> [Work order]:
Every line from the one containing "FILE_DESCRIPTION(('STEP AP214'),'2;1');" to the one containing "#26=DIRECTION('',(0.,0.,1.));" in the records below, both included, must be set down exactly, and no other line.

> [Data shown]:
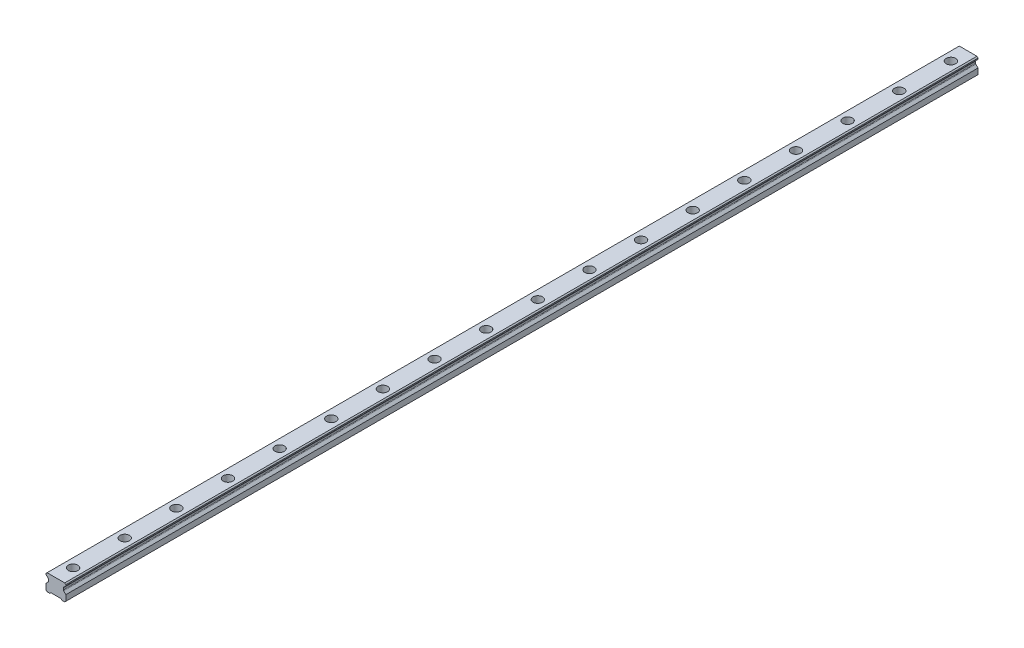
ISO-10303-21;
HEADER;
FILE_DESCRIPTION(('STEP AP214'),'2;1');
FILE_NAME('part.step','',(''),(''),'','','');
FILE_SCHEMA(('AUTOMOTIVE_DESIGN { 1 0 10303 214 1 1 1 1 }'));
ENDSEC;
DATA;
#1=APPLICATION_CONTEXT('core data for automotive mechanical design processes');
#2=APPLICATION_PROTOCOL_DEFINITION('international standard','automotive_design',2000,#1);
#3=PRODUCT_CONTEXT('',#1,'mechanical');
#4=PRODUCT('Part','Part','',(#3));
#5=PRODUCT_RELATED_PRODUCT_CATEGORY('part','',(#4));
#6=PRODUCT_DEFINITION_FORMATION('','',#4);
#7=PRODUCT_DEFINITION_CONTEXT('part definition',#1,'design');
#8=PRODUCT_DEFINITION('design','',#6,#7);
#9=PRODUCT_DEFINITION_SHAPE('','',#8);
#10=(LENGTH_UNIT() NAMED_UNIT(*) SI_UNIT(.MILLI.,.METRE.));
#11=(NAMED_UNIT(*) PLANE_ANGLE_UNIT() SI_UNIT($,.RADIAN.));
#12=(NAMED_UNIT(*) SI_UNIT($,.STERADIAN.) SOLID_ANGLE_UNIT());
#13=UNCERTAINTY_MEASURE_WITH_UNIT(LENGTH_MEASURE(1.E-05),#10,'distance_accuracy_value','');
#14=(GEOMETRIC_REPRESENTATION_CONTEXT(3) GLOBAL_UNCERTAINTY_ASSIGNED_CONTEXT((#13)) GLOBAL_UNIT_ASSIGNED_CONTEXT((#10,
#11,#12)) REPRESENTATION_CONTEXT('',''));
#15=CARTESIAN_POINT('',(0.,0.,0.));
#16=DIRECTION('',(0.,0.,1.));
#17=DIRECTION('',(1.,0.,0.));
#18=AXIS2_PLACEMENT_3D('',#15,#16,#17);
#19=CARTESIAN_POINT('',(0.,10.2,-510.));
#20=DIRECTION('',(0.,1.,0.));
#21=DIRECTION('',(0.,0.,1.));
#22=AXIS2_PLACEMENT_3D('',#19,#20,#21);
#23=PLANE('',#22);
#24=CARTESIAN_POINT('',(0.,10.2,-510.));
#25=DIRECTION('',(0.,1.,0.));
#26=DIRECTION('',(0.,0.,1.));
#27=AXIS2_PLACEMENT_3D('',#24,#25,#26);
#28=CIRCLE('',#27,3.5);
#29=CARTESIAN_POINT('',(0.,10.2,-506.5));
#30=VERTEX_POINT('',#29);
#31=EDGE_CURVE('E485',#30,#30,#28,.T.);
#32=ORIENTED_EDGE('',*,*,#31,.F.);
#33=EDGE_LOOP('',(#32));
#34=FACE_BOUND('',#33,.T.);
#35=CARTESIAN_POINT('',(0.,10.2,-510.));
#36=DIRECTION('',(0.,1.,0.));
#37=DIRECTION('',(0.,0.,1.));
#38=AXIS2_PLACEMENT_3D('',#35,#36,#37);
#39=CIRCLE('',#38,5.5);
#40=CARTESIAN_POINT('',(0.,10.2,-504.5));
#41=VERTEX_POINT('',#40);
#42=EDGE_CURVE('E11',#41,#41,#39,.T.);
#43=ORIENTED_EDGE('',*,*,#42,.T.);
#44=EDGE_LOOP('',(#43));
#45=FACE_BOUND('',#44,.T.);
#46=ADVANCED_FACE('F39',(#34,#45),#23,.T.);
#47=CARTESIAN_POINT('',(0.,10.2,-510.));
#48=DIRECTION('',(0.,1.,0.));
#49=DIRECTION('',(0.,0.,1.));
#50=AXIS2_PLACEMENT_3D('',#47,#48,#49);
#51=CYLINDRICAL_SURFACE('',#50,5.5);
#52=ORIENTED_EDGE('',*,*,#42,.F.);
#53=EDGE_LOOP('',(#52));
#54=FACE_BOUND('',#53,.T.);
#55=CARTESIAN_POINT('',(0.,19.2,-510.));
#56=DIRECTION('',(0.,1.,0.));
#57=DIRECTION('',(0.,0.,1.));
#58=AXIS2_PLACEMENT_3D('',#55,#56,#57);
#59=CIRCLE('',#58,5.5);
#60=CARTESIAN_POINT('',(0.,19.2,-504.5));
#61=VERTEX_POINT('',#60);
#62=EDGE_CURVE('E48',#61,#61,#59,.T.);
#63=ORIENTED_EDGE('',*,*,#62,.T.);
#64=EDGE_LOOP('',(#63));
#65=FACE_BOUND('',#64,.T.);
#66=ADVANCED_FACE('F817',(#54,#65),#51,.F.);
#67=CARTESIAN_POINT('',(0.,10.2,-450.));
#68=DIRECTION('',(0.,1.,0.));
#69=DIRECTION('',(0.,0.,1.));
#70=AXIS2_PLACEMENT_3D('',#67,#68,#69);
#71=PLANE('',#70);
#72=CARTESIAN_POINT('',(0.,10.2,-450.));
#73=DIRECTION('',(0.,1.,0.));
#74=DIRECTION('',(0.,0.,1.));
#75=AXIS2_PLACEMENT_3D('',#72,#73,#74);
#76=CIRCLE('',#75,3.5);
#77=CARTESIAN_POINT('',(0.,10.2,-446.5));
#78=VERTEX_POINT('',#77);
#79=EDGE_CURVE('E490',#78,#78,#76,.T.);
#80=ORIENTED_EDGE('',*,*,#79,.F.);
#81=EDGE_LOOP('',(#80));
#82=FACE_BOUND('',#81,.T.);
#83=CARTESIAN_POINT('',(0.,10.2,-450.));
#84=DIRECTION('',(0.,1.,0.));
#85=DIRECTION('',(0.,0.,1.));
#86=AXIS2_PLACEMENT_3D('',#83,#84,#85);
#87=CIRCLE('',#86,5.5);
#88=CARTESIAN_POINT('',(0.,10.2,-444.5));
#89=VERTEX_POINT('',#88);
#90=EDGE_CURVE('E469',#89,#89,#87,.T.);
#91=ORIENTED_EDGE('',*,*,#90,.T.);
#92=EDGE_LOOP('',(#91));
#93=FACE_BOUND('',#92,.T.);
#94=ADVANCED_FACE('F819',(#82,#93),#71,.T.);
#95=CARTESIAN_POINT('',(0.,10.2,-450.));
#96=DIRECTION('',(0.,1.,0.));
#97=DIRECTION('',(0.,0.,1.));
#98=AXIS2_PLACEMENT_3D('',#95,#96,#97);
#99=CYLINDRICAL_SURFACE('',#98,5.5);
#100=ORIENTED_EDGE('',*,*,#90,.F.);
#101=EDGE_LOOP('',(#100));
#102=FACE_BOUND('',#101,.T.);
#103=CARTESIAN_POINT('',(0.,19.2,-450.));
#104=DIRECTION('',(0.,1.,0.));
#105=DIRECTION('',(0.,0.,1.));
#106=AXIS2_PLACEMENT_3D('',#103,#104,#105);
#107=CIRCLE('',#106,5.5);
#108=CARTESIAN_POINT('',(0.,19.2,-444.5));
#109=VERTEX_POINT('',#108);
#110=EDGE_CURVE('E465',#109,#109,#107,.T.);
#111=ORIENTED_EDGE('',*,*,#110,.T.);
#112=EDGE_LOOP('',(#111));
#113=FACE_BOUND('',#112,.T.);
#114=ADVANCED_FACE('F825',(#102,#113),#99,.F.);
#115=CARTESIAN_POINT('',(0.,10.2,-390.));
#116=DIRECTION('',(0.,1.,0.));
#117=DIRECTION('',(0.,0.,1.));
#118=AXIS2_PLACEMENT_3D('',#115,#116,#117);
#119=PLANE('',#118);
#120=CARTESIAN_POINT('',(0.,10.2,-390.));
#121=DIRECTION('',(0.,1.,0.));
#122=DIRECTION('',(0.,0.,1.));
#123=AXIS2_PLACEMENT_3D('',#120,#121,#122);
#124=CIRCLE('',#123,3.5);
#125=CARTESIAN_POINT('',(0.,10.2,-386.5));
#126=VERTEX_POINT('',#125);
#127=EDGE_CURVE('E495',#126,#126,#124,.T.);
#128=ORIENTED_EDGE('',*,*,#127,.F.);
#129=EDGE_LOOP('',(#128));
#130=FACE_BOUND('',#129,.T.);
#131=CARTESIAN_POINT('',(0.,10.2,-390.));
#132=DIRECTION('',(0.,1.,0.));
#133=DIRECTION('',(0.,0.,1.));
#134=AXIS2_PLACEMENT_3D('',#131,#132,#133);
#135=CIRCLE('',#134,5.5);
#136=CARTESIAN_POINT('',(0.,10.2,-384.5));
#137=VERTEX_POINT('',#136);
#138=EDGE_CURVE('E461',#137,#137,#135,.T.);
#139=ORIENTED_EDGE('',*,*,#138,.T.);
#140=EDGE_LOOP('',(#139));
#141=FACE_BOUND('',#140,.T.);
#142=ADVANCED_FACE('F833',(#130,#141),#119,.T.);
#143=CARTESIAN_POINT('',(0.,10.2,-390.));
#144=DIRECTION('',(0.,1.,0.));
#145=DIRECTION('',(0.,0.,1.));
#146=AXIS2_PLACEMENT_3D('',#143,#144,#145);
#147=CYLINDRICAL_SURFACE('',#146,5.5);
#148=ORIENTED_EDGE('',*,*,#138,.F.);
#149=EDGE_LOOP('',(#148));
#150=FACE_BOUND('',#149,.T.);
#151=CARTESIAN_POINT('',(0.,19.2,-390.));
#152=DIRECTION('',(0.,1.,0.));
#153=DIRECTION('',(0.,0.,1.));
#154=AXIS2_PLACEMENT_3D('',#151,#152,#153);
#155=CIRCLE('',#154,5.5);
#156=CARTESIAN_POINT('',(0.,19.2,-384.5));
#157=VERTEX_POINT('',#156);
#158=EDGE_CURVE('E457',#157,#157,#155,.T.);
#159=ORIENTED_EDGE('',*,*,#158,.T.);
#160=EDGE_LOOP('',(#159));
#161=FACE_BOUND('',#160,.T.);
#162=ADVANCED_FACE('F837',(#150,#161),#147,.F.);
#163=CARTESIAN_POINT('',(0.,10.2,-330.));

> [Exercise result]:
FILE_DESCRIPTION(('STEP AP214'),'2;1');
FILE_NAME('part.step','',(''),(''),'','','');
FILE_SCHEMA(('AUTOMOTIVE_DESIGN { 1 0 10303 214 1 1 1 1 }'));
ENDSEC;
DATA;
#1=APPLICATION_CONTEXT('core data for automotive mechanical design processes');
#2=APPLICATION_PROTOCOL_DEFINITION('international standard','automotive_design',2000,#1);
#3=PRODUCT_CONTEXT('',#1,'mechanical');
#4=PRODUCT('Part','Part','',(#3));
#5=PRODUCT_RELATED_PRODUCT_CATEGORY('part','',(#4));
#6=PRODUCT_DEFINITION_FORMATION('','',#4);
#7=PRODUCT_DEFINITION_CONTEXT('part definition',#1,'design');
#8=PRODUCT_DEFINITION('design','',#6,#7);
#9=PRODUCT_DEFINITION_SHAPE('','',#8);
#10=(LENGTH_UNIT() NAMED_UNIT(*) SI_UNIT(.MILLI.,.METRE.));
#11=(NAMED_UNIT(*) PLANE_ANGLE_UNIT() SI_UNIT($,.RADIAN.));
#12=(NAMED_UNIT(*) SI_UNIT($,.STERADIAN.) SOLID_ANGLE_UNIT());
#13=UNCERTAINTY_MEASURE_WITH_UNIT(LENGTH_MEASURE(1.E-05),#10,'distance_accuracy_value','');
#14=(GEOMETRIC_REPRESENTATION_CONTEXT(3) GLOBAL_UNCERTAINTY_ASSIGNED_CONTEXT((#13)) GLOBAL_UNIT_ASSIGNED_CONTEXT((#10,
#11,#12)) REPRESENTATION_CONTEXT('',''));
#15=CARTESIAN_POINT('',(0.,0.,0.));
#16=DIRECTION('',(0.,0.,1.));
#17=DIRECTION('',(1.,0.,0.));
#18=AXIS2_PLACEMENT_3D('',#15,#16,#17);
#19=CARTESIAN_POINT('',(0.,10.2,-510.));
#20=DIRECTION('',(0.,1.,0.));
#21=DIRECTION('',(0.,0.,1.));
#22=AXIS2_PLACEMENT_3D('',#19,#20,#21);
#23=PLANE('',#22);
#24=CARTESIAN_POINT('',(0.,10.2,-510.));
#25=DIRECTION('',(0.,1.,0.));
#26=DIRECTION('',(0.,0.,1.));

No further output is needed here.